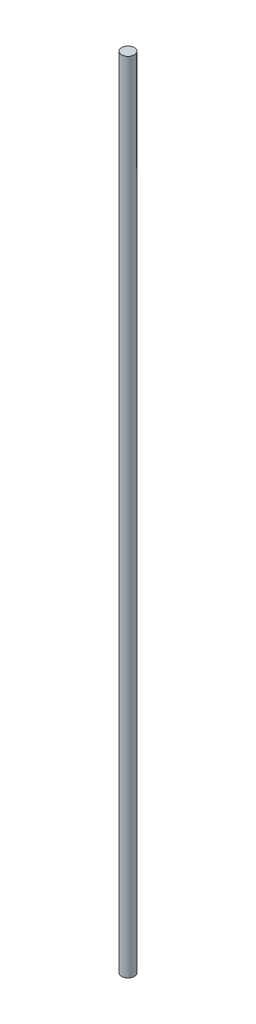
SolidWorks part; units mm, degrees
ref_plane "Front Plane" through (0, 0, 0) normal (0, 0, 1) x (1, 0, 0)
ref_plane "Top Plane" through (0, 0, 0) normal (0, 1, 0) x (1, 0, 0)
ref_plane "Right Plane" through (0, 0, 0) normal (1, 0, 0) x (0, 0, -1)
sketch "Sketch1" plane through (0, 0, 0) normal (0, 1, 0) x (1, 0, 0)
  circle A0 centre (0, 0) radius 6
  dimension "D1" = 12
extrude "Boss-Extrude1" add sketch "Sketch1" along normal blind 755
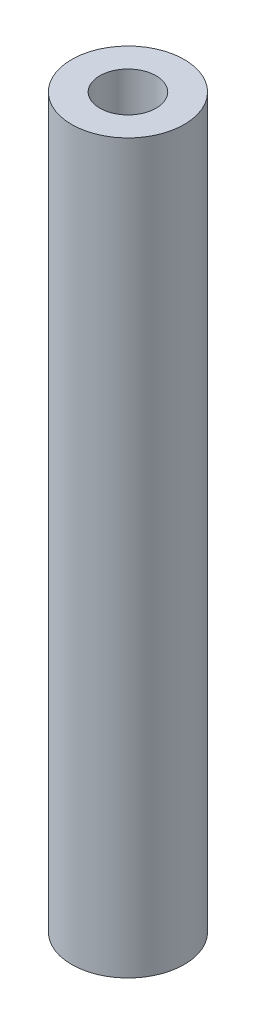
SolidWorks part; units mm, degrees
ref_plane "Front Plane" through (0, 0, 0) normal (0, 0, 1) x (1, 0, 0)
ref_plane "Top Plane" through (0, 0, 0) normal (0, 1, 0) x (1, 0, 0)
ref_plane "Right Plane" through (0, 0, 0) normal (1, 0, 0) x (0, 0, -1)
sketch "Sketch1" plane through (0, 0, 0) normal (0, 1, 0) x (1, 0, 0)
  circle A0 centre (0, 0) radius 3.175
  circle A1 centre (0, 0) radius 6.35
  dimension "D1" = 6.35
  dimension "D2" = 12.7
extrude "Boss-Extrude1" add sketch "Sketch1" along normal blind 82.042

========================================================================

Return every entry word for word, minus the pictures.

Answer for the task:
SolidWorks part; units mm, degrees
ref_plane "Front Plane" through (0, 0, 0) normal (0, 0, 1) x (1, 0, 0)
ref_plane "Top Plane" through (0, 0, 0) normal (0, 1, 0) x (1, 0, 0)
ref_plane "Right Plane" through (0, 0, 0) normal (1, 0, 0) x (0, 0, -1)
sketch "Sketch1" plane through (0, 0, 0) normal (0, 1, 0) x (1, 0, 0)
  circle A0 centre (0, 0) radius 6
  dimension "D1" = 12
extrude "Boss-Extrude1" add sketch "Sketch1" along normal blind 755
SolidWorks part; units mm, degrees
ref_plane "Front Plane" through (0, 0, 0) normal (0, 0, 1) x (1, 0, 0)
ref_plane "Top Plane" through (0, 0, 0) normal (0, 1, 0) x (1, 0, 0)
ref_plane "Right Plane" through (0, 0, 0) normal (1, 0, 0) x (0, 0, -1)
sketch "Sketch1" plane through (0, 0, 0) normal (0, 1, 0) x (1, 0, 0)
  circle A0 centre (0, 0) radius 3.175
  circle A1 centre (0, 0) radius 6.35
  dimension "D1" = 6.35
  dimension "D2" = 12.7
extrude "Boss-Extrude1" add sketch "Sketch1" along normal blind 82.042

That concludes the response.